Human beings are meaning-making creatures, and ideally as we mature and move through natural stages of life and development in adulthood, we engage with the world in more and more meaningful ways. Our choices, our influence, our experience in our careers gives us the ability to be more of who we are. So why do we plan disconnect at age 65, now considered young, and walk away from many of the structures that gave us our sense of meaning?

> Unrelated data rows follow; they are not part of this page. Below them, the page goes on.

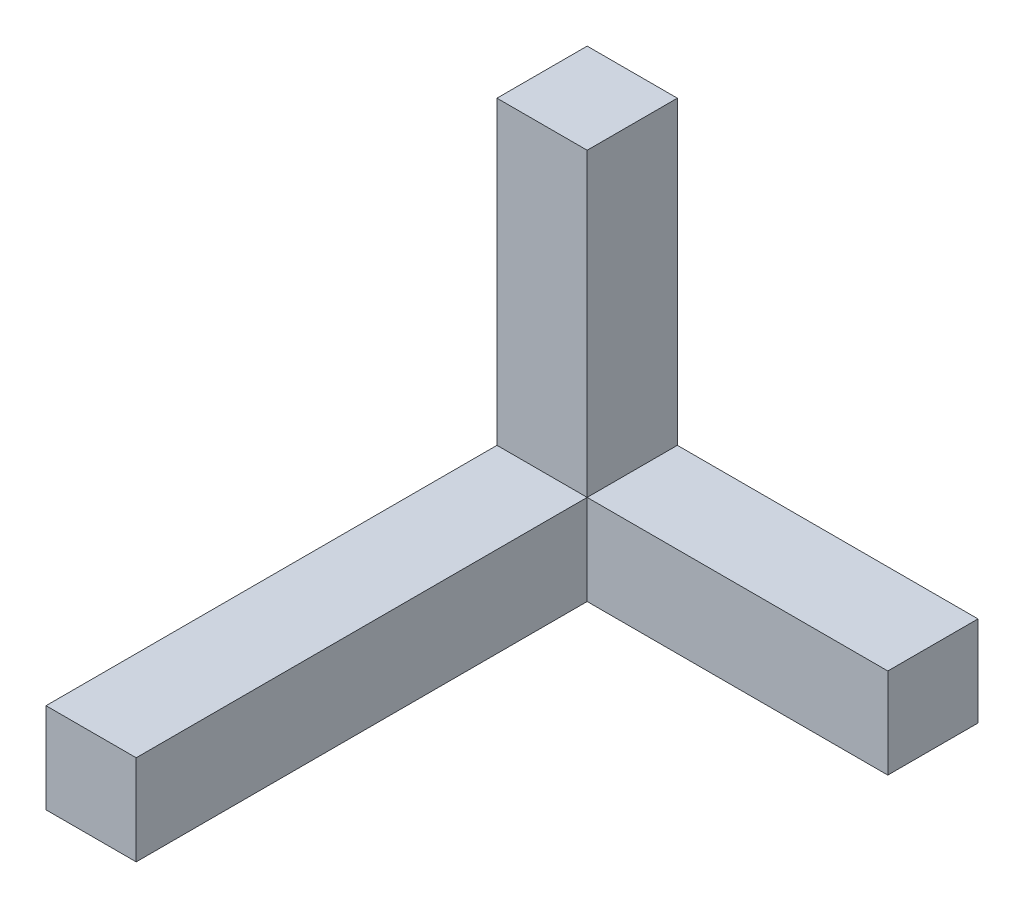
from build123d import *

# Parameters (mm, degrees)
SKETCH1_W           = 3
SKETCH1_H           = 3
BOSS_EXTRUDE2_DEPTH = 15
SKETCH2_W           = 3
SKETCH2_H           = 3
BOSS_EXTRUDE3_DEPTH = 10
SKETCH3_W           = 3
SKETCH3_H           = 3
BOSS_EXTRUDE4_DEPTH = 10
SKETCH4_W           = 3
SKETCH4_H           = 3
BOSS_EXTRUDE5_DEPTH = 15
SKETCH1_2_W         = 3
SKETCH1_2_H         = 3
CUT_EXTRUDE1_DEPTH  = 12


with BuildPart() as part:
    # Sketch1 → Boss-Extrude2 (new body)
    with BuildSketch(Plane.XY):
        Rectangle(SKETCH1_W, SKETCH1_H)
    extrude(amount=BOSS_EXTRUDE2_DEPTH)

    # Sketch2 → Boss-Extrude3 (add)
    with BuildSketch(Plane(origin=(1.5, 0, 0), x_dir=(0, 0, -1), z_dir=(1, 0, 0))):
        with Locations((-13.5, 0)):
            Rectangle(SKETCH2_W, SKETCH2_H)
    extrude(amount=BOSS_EXTRUDE3_DEPTH)

    # Sketch3 → Boss-Extrude4 (add)
    with BuildSketch(Plane(origin=(0, 1.5, 0), x_dir=(1, 0, 0), z_dir=(0, 1, 0))):
        with Locations((0, -13.5)):
            Rectangle(SKETCH3_W, SKETCH3_H)
    extrude(amount=BOSS_EXTRUDE4_DEPTH)

    # Sketch4 → Boss-Extrude5 (add)
    with BuildSketch(Plane.XY.offset(15)):
        Rectangle(SKETCH4_W, SKETCH4_H)
    extrude(amount=BOSS_EXTRUDE5_DEPTH)

    # Sketch1_2 → Cut-Extrude1 (cut)
    with BuildSketch(Plane.XY):
        Rectangle(SKETCH1_2_W, SKETCH1_2_H)
    extrude(amount=CUT_EXTRUDE1_DEPTH, mode=Mode.SUBTRACT)


solid = part.part
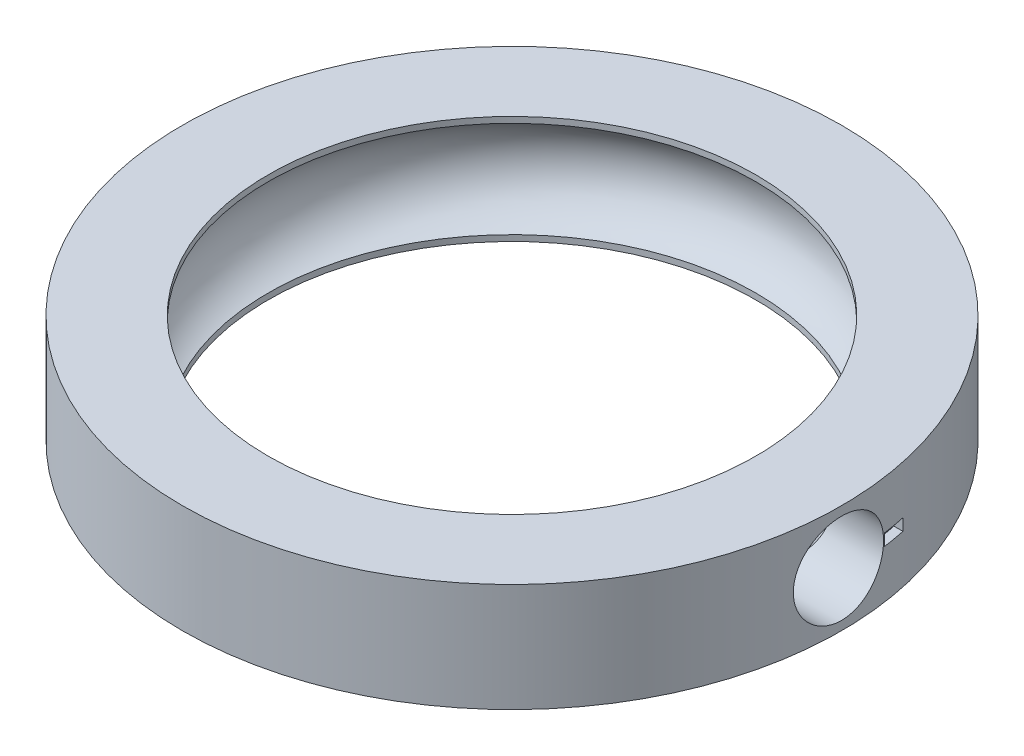
from build123d import *

# Parameters (mm, degrees)
SKETCH1_R                 = 18.25
SKETCH1_R_2               = 13.5
BOSS_EXTRUDE1_DEPTH       = 6
SKETCH3_R                 = 2.85
SKETCH4_R                 = 2.5
CUT_EXTRUDE1_DEPTH        = 27.497641404
CUT_EXTRUDE1_DEPTH_BACK   = 10
CUT_EXTRUDE2_REACH        = 28.998
CUT_EXTRUDE2_START_RADIUS = 18.25
CUT_EXTRUDE2_END_RADIUS   = 18.25
SKETCH6_W                 = 1.240344628
SKETCH6_H                 = 0.651674146


with BuildPart() as part:
    # Sketch1 → Boss-Extrude1 (new body)
    with BuildSketch(Plane(origin=(0, 0, 0), x_dir=(1, 0, 0), z_dir=(0, 1, 0))):
        with Locations(Location((0, 0, 0), (0, 0, 270))):
            Circle(SKETCH1_R)
        with Locations(Location((0, 0, 0), (0, 0, 270))):
            Circle(SKETCH1_R_2, mode=Mode.SUBTRACT)
    extrude(amount=BOSS_EXTRUDE1_DEPTH)

    # Sketch3 → Cut-Revolve1 (revolve, cut)
    with BuildSketch(Plane.XY, mode=Mode.PRIVATE) as cut_revolve1_sk:
        with Locations((-12.5, 3)):
            Circle(SKETCH3_R)
    revolve(cut_revolve1_sk.sketch.rotate(Axis((0, 0, 0), (0, 1, 0)), 270), axis=Axis((0, 0, 0), (0, 1, 0)), mode=Mode.SUBTRACT)

    # Sketch4 → Cut-Extrude1 (cut, two sides)
    with BuildSketch(Plane(origin=(0, 0, 0), x_dir=(0, 0, -1), z_dir=(1, 0, 0))) as cut_extrude1_sk:
        with Locations(Location((0, 3, 0), (0, 0, 267.756136347))):
            Circle(SKETCH4_R)
    extrude(amount=CUT_EXTRUDE1_DEPTH, mode=Mode.SUBTRACT)
    extrude(cut_extrude1_sk.sketch, amount=-CUT_EXTRUDE1_DEPTH_BACK, mode=Mode.SUBTRACT)

    # Cut-Extrude2: from a cylinder face, 28.998 long prism both ways, kept between that surface and its translate by the depth
    cut_extrude2_start = Plane(origin=(0, 3, 0), z_dir=(0, -1, 0)) * Cylinder(CUT_EXTRUDE2_START_RADIUS, 95.496, mode=Mode.PRIVATE)
    cut_extrude2_end = Plane(origin=(-0.5, 3, 0), z_dir=(0, -1, 0)) * Cylinder(CUT_EXTRUDE2_END_RADIUS, 95.496, mode=Mode.PRIVATE)
    # Sketch6 → Cut-Extrude2 (cut, from a surface)
    with BuildSketch(Plane(origin=(0, 0, 0), x_dir=(0, 0, -1), z_dir=(1, 0, 0)), mode=Mode.PRIVATE) as cut_extrude2_sk1:
        with Locations((3.176747556, 3)):
            Rectangle(SKETCH6_W, SKETCH6_H)
    cut_extrude2_tool1 = extrude(cut_extrude2_sk1.sketch, amount=CUT_EXTRUDE2_REACH, both=True, mode=Mode.PRIVATE)
    add(((cut_extrude2_tool1 & cut_extrude2_start) - cut_extrude2_end).solids().sort_by_distance((17.710349, 3, -3.176748))[0], mode=Mode.SUBTRACT)


solid = part.part

We can see writ-large the effects of collapsing systems of meaning in society that have been amplified by the stresses of covid: instability, conflict, identity crisis, anger, and fear. People who embrace the traditional model and retire “traditionally” often face a catastrophe of meaning alone.
For those of us who are GenX, the Big Think, and Covid and the Internet and the lessons of the generation that went before us have given us a perspective unique to us. A chance to rethink retirement and make choices that take us away from the frameworks of government institutions; away from the embellished images given to us by financial-institution marketing; of youthful seniors wearing linen, walking the beach hand-in-hand. Maybe the Big Think has given us a chance to glimpse a greater degree of meaning in our lives; Maybe we’ve realized a greater degree of gratitude, maybe we’ve taken time to appreciate moments like we haven’t since the innocence of our childhood.

When we go “back to normal” will we go back to lining up after the lunch-bells again? Two kids, two cars, careers, cats and commutes? Back to the work breakfasts, the cocktail events and the golf, or the slog of being on the road again? Back to dance class and gymnastics and hockey? Will we be again consumed with the demands of the lives we lived before? Or can we take some of the questions we’ve asked and the lessons we’ve learned and use them to shape our futures? How can we create ways of living that reflect the kind of world and the kinds of lives we want to have in the future? One where we seek an increasing degree of independence from orderly lines and lunch bells and outdated models in favor of richer and more meaningful lives.